* _The task_: Search the entries for the string "blocks" and give the number of lines that hold it, nothing more.

* _Stored records_:
========================

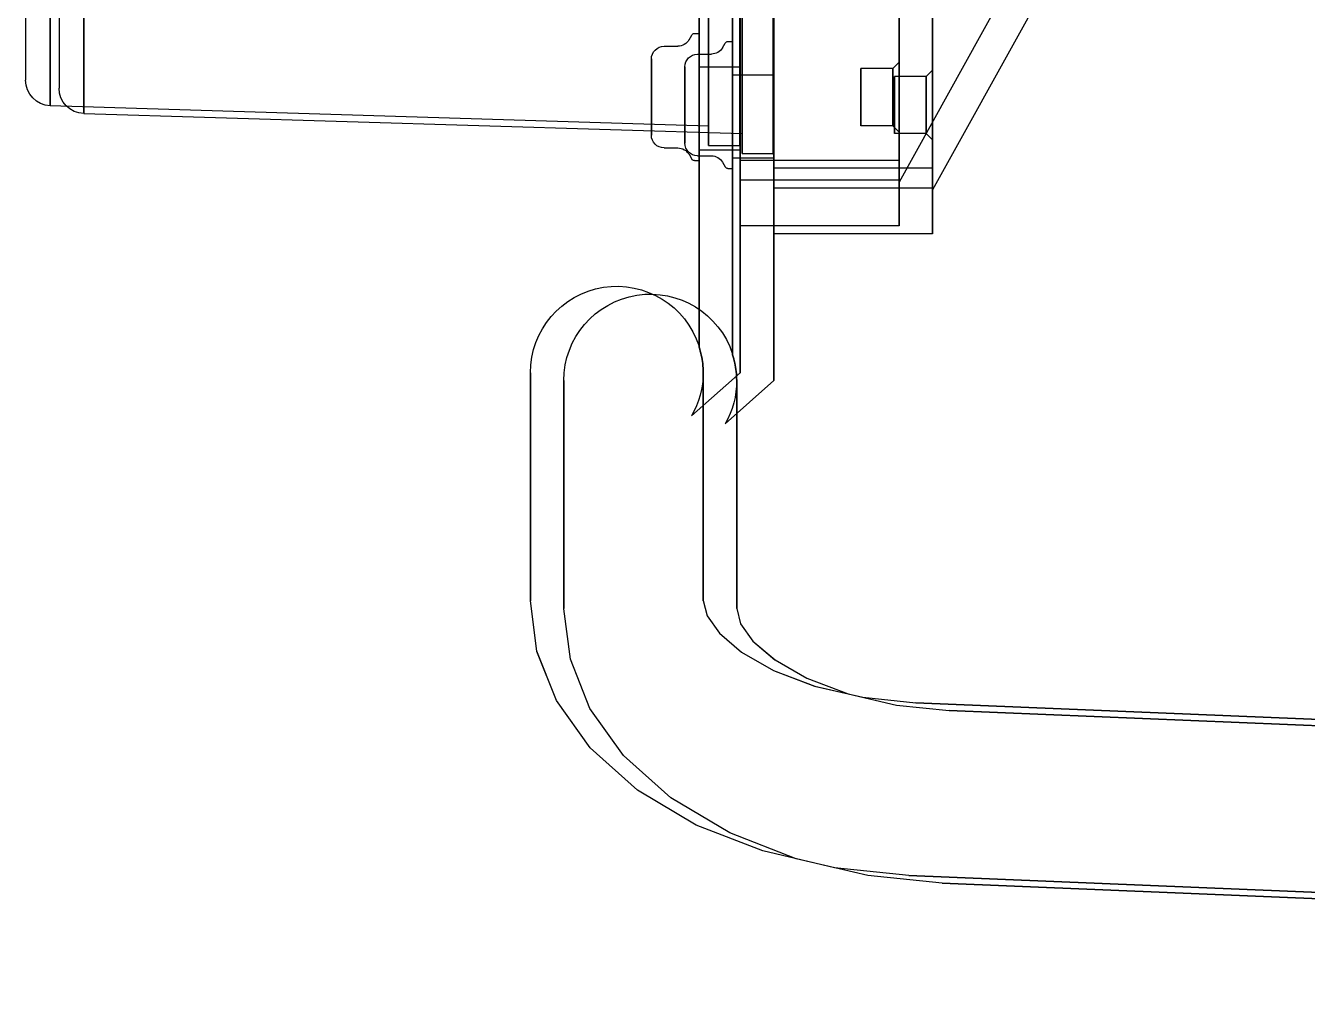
# Model space of a CAD drawing. Header units: millimetres. Extents: x -69706 to 52883, y -6882 to 68885.
# Drawn here: x 7034.2 to 7236, y 23751.6 to 23902.3 of the extents above; entities that cross this region are included whole.
import ezdxf

# ---------------------------------------------------------------- set-up
doc = ezdxf.new("R2010")
doc.units = ezdxf.units.MM
doc.layers.add('ac-SB', color=7, linetype='Continuous', lineweight=13)

# ---------------------------------------------------------------- blocks, each defined once
blk = doc.blocks.new('A$C15852BBE')
at = {"layer": 'ac-SB', "lineweight": -3}
for p, q in [((6000.8, 3438.19), (5620.11, 3453.94)), ((5620.12, 3453.94), (6000.8, 3438.19)), ((6006.07, 3436.96), (5625.38, 3452.7)), ((5625.39, 3452.7), (6006.07, 3436.96)), ((6000.8, 3438.19), (6012.5, 3436.99)), ((6000.8, 3438.19), (6012.5, 3436.99)), ((6006.07, 3436.95), (6017.77, 3435.75)), ((6006.07, 3436.95), (6017.77, 3435.75)), ((6012.5, 3436.99), (6023.77, 3434.35)), ((6012.5, 3436.99), (6023.76, 3434.35)), ((6017.77, 3435.75), (6029.03, 3433.11)), ((6017.77, 3435.75), (6029.03, 3433.11)), ((6023.76, 3434.35), (6034.24, 3430.27)), ((6023.77, 3434.35), (6034.24, 3430.27)), ((6029.03, 3433.11), (6039.51, 3429.03)), ((6029.03, 3433.11), (6039.51, 3429.03)), ((6034.24, 3430.27), (6043.5, 3424.76)), ((6034.24, 3430.27), (6043.5, 3424.76)), ((6039.51, 3429.03), (6048.77, 3423.52)), ((6039.51, 3429.03), (6048.77, 3423.52)), ((5999.68, 3411.02), (5618.99, 3426.77)), ((5618.99, 3426.77), (5999.68, 3411.02)), ((6004.94, 3409.78), (5624.26, 3425.53)), ((5624.26, 3425.53), (6004.94, 3409.78)), ((6043.5, 3424.76), (6050.96, 3418.1)), ((6043.5, 3424.76), (6050.96, 3418.1)), ((6048.77, 3423.52), (6056.23, 3416.86)), ((6048.77, 3423.52), (6056.23, 3416.86)), ((6050.96, 3418.1), (6056.24, 3410.69)), ((6050.96, 3418.1), (6056.24, 3410.69)), ((6056.23, 3416.86), (6061.51, 3409.45)), ((6056.23, 3416.86), (6061.51, 3409.45)), ((6008, 3410.16), (5999.68, 3411.02)), ((6008, 3410.16), (5999.68, 3411.02)), ((6013.27, 3408.93), (6004.94, 3409.78)), ((6013.27, 3408.92), (6004.94, 3409.78)), ((6015.61, 3408.4), (6008, 3410.16)), ((6015.6, 3408.4), (6008, 3410.16)), ((6056.24, 3410.69), (6059.33, 3402.93)), ((6056.24, 3410.69), (6059.33, 3402.93)), ((6020.87, 3407.16), (6013.27, 3408.93)), ((6020.88, 3407.16), (6013.27, 3408.92)), ((6022.08, 3405.93), (6015.6, 3408.4)), ((6022.09, 3405.93), (6015.61, 3408.4)), ((6061.51, 3409.45), (6064.6, 3401.69)), ((6061.51, 3409.45), (6064.6, 3401.7)), ((6027.35, 3404.69), (6020.87, 3407.16)), ((6027.35, 3404.69), (6020.88, 3407.16)), ((6027.11, 3403.05), (6022.08, 3405.93)), ((6027.12, 3403.04), (6022.09, 3405.93)), ((6032.38, 3401.81), (6027.35, 3404.69)), ((6032.38, 3401.81), (6027.35, 3404.69)), ((6030.58, 3400.08), (6027.11, 3403.05)), ((6030.58, 3400.08), (6027.12, 3403.04)), ((6035.85, 3398.84), (6032.38, 3401.81)), ((6035.84, 3398.84), (6032.38, 3401.81)), ((6059.33, 3402.93), (6060.35, 3395)), ((6059.33, 3402.93), (6060.35, 3395)), ((6032.53, 3397.35), (6030.58, 3400.08)), ((6032.53, 3397.36), (6030.58, 3400.08)), ((6064.6, 3401.7), (6065.62, 3393.76)), ((6064.6, 3401.69), (6065.62, 3393.76)), ((6037.79, 3396.12), (6035.84, 3398.84)), ((6037.79, 3396.11), (6035.85, 3398.84)), ((6033.15, 3394.96), (6032.53, 3397.36)), ((6033.15, 3394.96), (6032.53, 3397.35)), ((6038.42, 3393.72), (6037.79, 3396.12)), ((6038.42, 3393.72), (6037.79, 3396.11)), ((6033.15, 3368.48), (6033.15, 3394.98)), ((6033.15, 3368.48), (6033.15, 3394.98)), ((6033.15, 3394.98), (6033.15, 3368.48)), ((6033.15, 3394.98), (6033.15, 3368.48)), ((6038.42, 3367.24), (6038.42, 3393.74)), ((6038.42, 3367.24), (6038.42, 3393.74)), ((6038.42, 3393.74), (6038.42, 3367.24)), ((6038.42, 3393.74), (6038.42, 3367.24)), ((6060.35, 3368.48), (6060.35, 3394.98)), ((6060.35, 3368.48), (6060.35, 3394.98)), ((6060.35, 3394.98), (6060.35, 3368.48)), ((6060.35, 3394.98), (6060.35, 3368.48)), ((6065.62, 3367.24), (6065.62, 3393.74)), ((6065.62, 3367.24), (6065.62, 3393.74)), ((6065.62, 3393.74), (6065.62, 3367.24)), ((6065.62, 3393.74), (6065.62, 3367.24)), ((6033.15, 3368.48), (6033.15, 3359.1)), ((6033.15, 3359.1), (6033.15, 3368.48)), ((6033.15, 3359.1), (6033.15, 3368.48)), ((6033.15, 3368.48), (6033.15, 3359.1)), ((6060.35, 3368.48), (6060.35, 3359.1)), ((6060.35, 3359.1), (6060.35, 3368.48)), ((6060.35, 3359.1), (6060.35, 3368.48)), ((6060.35, 3368.48), (6060.35, 3359.1)), ((6034.97, 3365.89), (6027.31, 3359.1)), ((6027.31, 3359.1), (6034.97, 3365.89)), ((6038.42, 3367.24), (6038.42, 3357.86)), ((6038.42, 3357.86), (6038.42, 3367.24)), ((6038.42, 3357.86), (6038.42, 3367.24)), ((6038.42, 3367.24), (6038.42, 3357.86)), ((6065.62, 3367.24), (6065.62, 3357.86)), ((6065.62, 3357.86), (6065.62, 3367.24)), ((6065.62, 3357.86), (6065.62, 3367.24)), ((6065.62, 3367.24), (6065.62, 3357.86)), ((6040.24, 3364.65), (6032.58, 3357.86)), ((6032.58, 3357.86), (6040.24, 3364.65)), ((6027.31, 3359.1), (6027.31, 3311.03)), ((6027.31, 3311.03), (6027.31, 3359.1)), ((6032.58, 3357.86), (6032.58, 3309.79)), ((6032.58, 3309.79), (6032.58, 3357.86)), ((6033.81, 3354.91), (6033.81, 3355.06)), ((6033.81, 3355.06), (6033.81, 3354.91)), ((6033.81, 3311.03), (6033.81, 3355.06)), ((6033.81, 3355.06), (6033.81, 3311.03)), ((6039.08, 3353.67), (6039.08, 3353.82)), ((6039.08, 3353.82), (6039.08, 3353.67)), ((6039.08, 3309.79), (6039.08, 3353.82)), ((6039.08, 3353.82), (6039.08, 3309.79)), ((6002.31, 3336), (6002.31, 3326.87)), ((6002.31, 3326.87), (6002.31, 3336)), ((6002.31, 3336), (6027.31, 3336)), ((6027.31, 3336), (6027.31, 3326.87)), ((6027.31, 3326.87), (6027.31, 3336)), ((6007.58, 3334.76), (6007.58, 3325.63)), ((6007.58, 3325.63), (6007.58, 3334.76)), ((6007.58, 3334.76), (6032.58, 3334.76)), ((6032.58, 3334.76), (6032.58, 3325.63)), ((6032.58, 3325.63), (6032.58, 3334.76)), ((5986.79, 3301.1), (6002.31, 3329.1)), ((5986.79, 3301.1), (6002.31, 3329.1)), ((6002.31, 3039.1), (6002.31, 3329.1)), ((6002.31, 3329.1), (6002.31, 3039.1)), ((5992.06, 3299.86), (6007.58, 3327.86)), ((5992.06, 3299.86), (6007.58, 3327.86)), ((6002.31, 3328.8), (6002.31, 3328.1)), ((6002.31, 3328.42), (6002.31, 3328.8)), ((6002.31, 3328.8), (6002.31, 3328.42)), ((6002.31, 3328.1), (6002.31, 3328.8)), ((6002.31, 3328.8), (6027.31, 3328.8)), ((6002.31, 3328.8), (6027.31, 3328.8)), ((6002.31, 3326.87), (6002.31, 3328.42)), ((6002.31, 3328.42), (6002.31, 3326.87)), ((6002.31, 3328.1), (6002.31, 3320.74)), ((6002.31, 3320.74), (6002.31, 3328.1)), ((6007.58, 3037.86), (6007.58, 3327.86)), ((6007.58, 3327.86), (6007.58, 3037.86)), ((6007.58, 3327.56), (6007.58, 3326.86)), ((6007.58, 3327.18), (6007.58, 3327.56)), ((6007.58, 3327.56), (6007.58, 3327.18)), ((6007.58, 3326.86), (6007.58, 3327.56)), ((6007.58, 3327.56), (6032.58, 3327.56)), ((6007.58, 3327.56), (6032.58, 3327.56)), ((6007.58, 3325.63), (6007.58, 3327.18)), ((6007.58, 3327.18), (6007.58, 3325.63)), ((6027.31, 3328.8), (6027.31, 3328.1)), ((6027.31, 3328.42), (6027.31, 3328.8)), ((6027.31, 3328.8), (6027.31, 3328.42)), ((6027.31, 3328.1), (6027.31, 3328.8)), ((6027.31, 3326.87), (6027.31, 3328.42)), ((6027.31, 3328.42), (6027.31, 3326.87)), ((6027.31, 3328.1), (6027.31, 3320.74)), ((6027.31, 3320.74), (6027.31, 3328.1)), ((6032.58, 3327.56), (6032.58, 3326.86)), ((6032.58, 3327.18), (6032.58, 3327.56)), ((6032.58, 3327.56), (6032.58, 3327.18)), ((6032.58, 3326.86), (6032.58, 3327.56)), ((6032.58, 3325.63), (6032.58, 3327.18)), ((6032.58, 3327.18), (6032.58, 3325.63)), ((6002.31, 3325.68), (6002.31, 3326.87)), ((6002.31, 3326.87), (6002.31, 3325.68)), ((6002.31, 3325.68), (6002.31, 3326.87)), ((6002.31, 3326.87), (6002.31, 3325.68)), ((6002.31, 3325.68), (6027.31, 3325.68)), ((6002.31, 3325.68), (6027.31, 3325.68)), ((6007.58, 3326.86), (6007.58, 3319.5)), ((6007.58, 3319.5), (6007.58, 3326.86)), ((6007.58, 3324.44), (6007.58, 3325.63)), ((6007.58, 3325.63), (6007.58, 3324.44)), ((6007.58, 3324.44), (6007.58, 3325.63)), ((6007.58, 3325.63), (6007.58, 3324.44)), ((6027.31, 3325.68), (6027.31, 3326.87)), ((6027.31, 3326.87), (6027.31, 3325.68)), ((6027.31, 3325.68), (6027.31, 3326.87)), ((6027.31, 3326.87), (6027.31, 3325.68)), ((6032.58, 3326.86), (6032.58, 3319.5)), ((6032.58, 3319.5), (6032.58, 3326.86)), ((6032.58, 3324.44), (6032.58, 3325.63)), ((6032.58, 3325.63), (6032.58, 3324.44)), ((6032.58, 3324.44), (6032.58, 3325.63)), ((6032.58, 3325.63), (6032.58, 3324.44)), ((6033.81, 3305.73), (6033.81, 3325.73)), ((6033.81, 3325.73), (6033.81, 3305.73)), ((6033.81, 3310.73), (6033.81, 3325.73)), ((6034.52, 3325.73), (6033.81, 3325.73)), ((6034.52, 3325.73), (6033.81, 3325.73)), ((6034.52, 3325.73), (6033.81, 3325.73)), ((6035.39, 3324.73), (6034.95, 3325.48)), ((6035.39, 3324.73), (6034.95, 3325.48)), ((6035.39, 3324.73), (6034.95, 3325.48)), ((6007.58, 3324.44), (6032.58, 3324.44)), ((6007.58, 3324.44), (6032.58, 3324.44)), ((6027.31, 3324.1), (6027.31, 3085.1)), ((6027.31, 3324.1), (6033.31, 3324.1)), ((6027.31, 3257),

========================

* _Problem solution_: 2